**** Supplied records ****
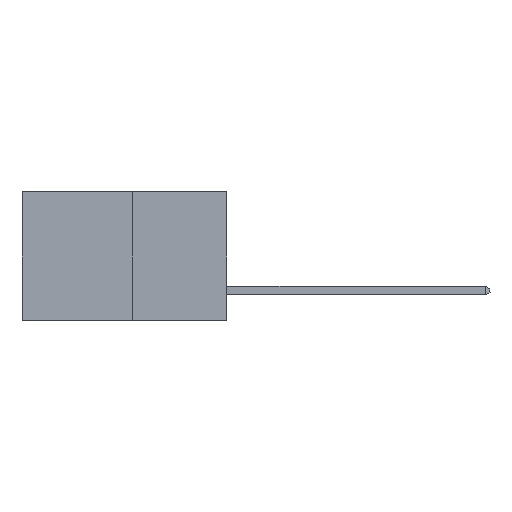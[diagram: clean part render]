
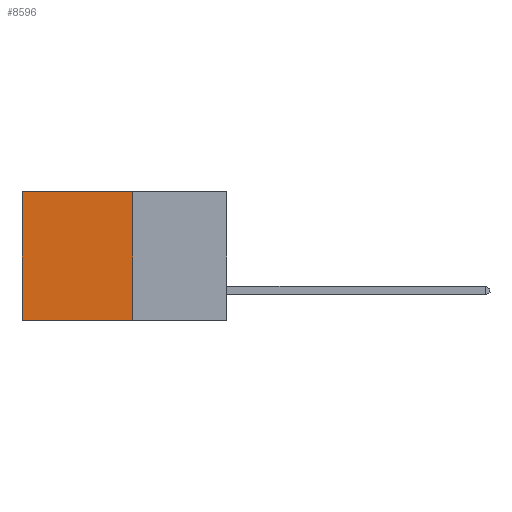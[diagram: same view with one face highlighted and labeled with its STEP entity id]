
A CAD part, left-side view. The second image highlights one B-rep face of the part: STEP entity #8596.
In plain terms, the highlighted planar face has unit normal (-1, 0, 0).
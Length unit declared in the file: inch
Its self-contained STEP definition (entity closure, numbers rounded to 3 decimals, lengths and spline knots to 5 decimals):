
#233 = CARTESIAN_POINT ( 'NONE',  ( 0.277, 0.27, 0. ) ) ;
#810 = VERTEX_POINT ( 'NONE', #1944 ) ;
#892 = LINE ( 'NONE', #12034, #6674 ) ;
#1056 = CARTESIAN_POINT ( 'NONE',  ( 0.277, 0.27, 0. ) ) ;
#1133 = DIRECTION ( 'NONE',  ( 0., 1., 0. ) ) ;
#1698 = LINE ( 'NONE', #5459, #10328 ) ;
#1944 = CARTESIAN_POINT ( 'NONE',  ( 0.277, 0.27, -0.37 ) ) ;
#3101 = FACE_OUTER_BOUND ( 'NONE', #10510, .T. ) ;
#3338 = ORIENTED_EDGE ( 'NONE', *, *, #7819, .T. ) ;
#3588 = EDGE_CURVE ( 'NONE', #810, #10600, #5495, .T. ) ;
#3657 = VERTEX_POINT ( 'NONE', #13191 ) ;
#3979 = AXIS2_PLACEMENT_3D ( 'NONE', #4483, #6746, #14143 ) ;
#4483 = CARTESIAN_POINT ( 'NONE',  ( 0.277, 0.27, -0.37 ) ) ;
#5459 = CARTESIAN_POINT ( 'NONE',  ( 0.277, 0.59, -0.37 ) ) ;
#5495 = LINE ( 'NONE', #8128, #8094 ) ;
#5645 = PLANE ( 'NONE',  #3979 ) ;
#6049 = VERTEX_POINT ( 'NONE', #1056 ) ;
#6580 = DIRECTION ( 'NONE',  ( 0., 0., -1. ) ) ;
#6674 = VECTOR ( 'NONE', #14093, 39.37008 ) ;
#6746 = DIRECTION ( 'NONE',  ( 1., 0., 0. ) ) ;
#7168 = EDGE_CURVE ( 'NONE', #6049, #3657, #11150, .T. ) ;
#7185 = ORIENTED_EDGE ( 'NONE', *, *, #3588, .F. ) ;
#7586 = ORIENTED_EDGE ( 'NONE', *, *, #13213, .F. ) ;
#7819 = EDGE_CURVE ( 'NONE', #3657, #10600, #1698, .T. ) ;
#8094 = VECTOR ( 'NONE', #1133, 39.37008 ) ;
#8128 = CARTESIAN_POINT ( 'NONE',  ( 0.277, 0.27, -0.37 ) ) ;
#8596 = ADVANCED_FACE ( 'NONE', ( #3101 ), #5645, .F. ) ;
#9405 = CARTESIAN_POINT ( 'NONE',  ( 0.277, 0.59, -0.37 ) ) ;
#10328 = VECTOR ( 'NONE', #6580, 39.37008 ) ;
#10510 = EDGE_LOOP ( 'NONE', ( #3338, #7185, #7586, #11264 ) ) ;
#10600 = VERTEX_POINT ( 'NONE', #9405 ) ;
#10838 = VECTOR ( 'NONE', #14261, 39.37008 ) ;
#11150 = LINE ( 'NONE', #233, #10838 ) ;
#11264 = ORIENTED_EDGE ( 'NONE', *, *, #7168, .T. ) ;
#12034 = CARTESIAN_POINT ( 'NONE',  ( 0.277, 0.27, -0.37 ) ) ;
#13191 = CARTESIAN_POINT ( 'NONE',  ( 0.277, 0.59, 0. ) ) ;
#13213 = EDGE_CURVE ( 'NONE', #6049, #810, #892, .T. ) ;
#14093 = DIRECTION ( 'NONE',  ( 0., 0., -1. ) ) ;
#14143 = DIRECTION ( 'NONE',  ( 0., 0., -1. ) ) ;
#14261 = DIRECTION ( 'NONE',  ( 0., 1., 0. ) ) ;
****
- [Problem] In repeating the entries, exclude the pictures and alter nothing else.

- [Result of the exercise]
[diagram: clean part render]
[diagram: same view with one face highlighted and labeled with its STEP entity id]
A CAD part, left-side view. The second image highlights one B-rep face of the part: STEP entity #8596.
In plain terms, the highlighted planar face has unit normal (-1, 0, 0).
Length unit declared in the file: inch
Its self-contained STEP definition (entity closure, numbers rounded to 3 decimals, lengths and spline knots to 5 decimals):
#233 = CARTESIAN_POINT ( 'NONE',  ( 0.277, 0.27, 0. ) ) ;
#810 = VERTEX_POINT ( 'NONE', #1944 ) ;
#892 = LINE ( 'NONE', #12034, #6674 ) ;
#1056 = CARTESIAN_POINT ( 'NONE',  ( 0.277, 0.27, 0. ) ) ;
#1133 = DIRECTION ( 'NONE',  ( 0., 1., 0. ) ) ;
#1698 = LINE ( 'NONE', #5459, #10328 ) ;
#1944 = CARTESIAN_POINT ( 'NONE',  ( 0.277, 0.27, -0.37 ) ) ;
#3101 = FACE_OUTER_BOUND ( 'NONE', #10510, .T. ) ;
#3338 = ORIENTED_EDGE ( 'NONE', *, *, #7819, .T. ) ;
#3588 = EDGE_CURVE ( 'NONE', #810, #10600, #5495, .T. ) ;
#3657 = VERTEX_POINT ( 'NONE', #13191 ) ;
#3979 = AXIS2_PLACEMENT_3D ( 'NONE', #4483, #6746, #14143 ) ;
#4483 = CARTESIAN_POINT ( 'NONE',  ( 0.277, 0.27, -0.37 ) ) ;
#5459 = CARTESIAN_POINT ( 'NONE',  ( 0.277, 0.59, -0.37 ) ) ;
#5495 = LINE ( 'NONE', #8128, #8094 ) ;
#5645 = PLANE ( 'NONE',  #3979 ) ;
#6049 = VERTEX_POINT ( 'NONE', #1056 ) ;
#6580 = DIRECTION ( 'NONE',  ( 0., 0., -1. ) ) ;
#6674 = VECTOR ( 'NONE', #14093, 39.37008 ) ;
#6746 = DIRECTION ( 'NONE',  ( 1., 0., 0. ) ) ;
#7168 = EDGE_CURVE ( 'NONE', #6049, #3657, #11150, .T. ) ;
#7185 = ORIENTED_EDGE ( 'NONE', *, *, #3588, .F. ) ;
#7586 = ORIENTED_EDGE ( 'NONE', *, *, #13213, .F. ) ;
#7819 = EDGE_CURVE ( 'NONE', #3657, #10600, #1698, .T. ) ;
#8094 = VECTOR ( 'NONE', #1133, 39.37008 ) ;
#8128 = CARTESIAN_POINT ( 'NONE',  ( 0.277, 0.27, -0.37 ) ) ;
#8596 = ADVANCED_FACE ( 'NONE', ( #3101 ), #5645, .F. ) ;
#9405 = CARTESIAN_POINT ( 'NONE',  ( 0.277, 0.59, -0.37 ) ) ;
#10328 = VECTOR ( 'NONE', #6580, 39.37008 ) ;
#10510 = EDGE_LOOP ( 'NONE', ( #3338, #7185, #7586, #11264 ) ) ;
#10600 = VERTEX_POINT ( 'NONE', #9405 ) ;
#10838 = VECTOR ( 'NONE', #14261, 39.37008 ) ;
#11150 = LINE ( 'NONE', #233, #10838 ) ;
#11264 = ORIENTED_EDGE ( 'NONE', *, *, #7168, .T. ) ;
#12034 = CARTESIAN_POINT ( 'NONE',  ( 0.277, 0.27, -0.37 ) ) ;
#13191 = CARTESIAN_POINT ( 'NONE',  ( 0.277, 0.59, 0. ) ) ;
#13213 = EDGE_CURVE ( 'NONE', #6049, #810, #892, .T. ) ;
#14093 = DIRECTION ( 'NONE',  ( 0., 0., -1. ) ) ;
#14143 = DIRECTION ( 'NONE',  ( 0., 0., -1. ) ) ;
#14261 = DIRECTION ( 'NONE',  ( 0., 1., 0. ) ) ;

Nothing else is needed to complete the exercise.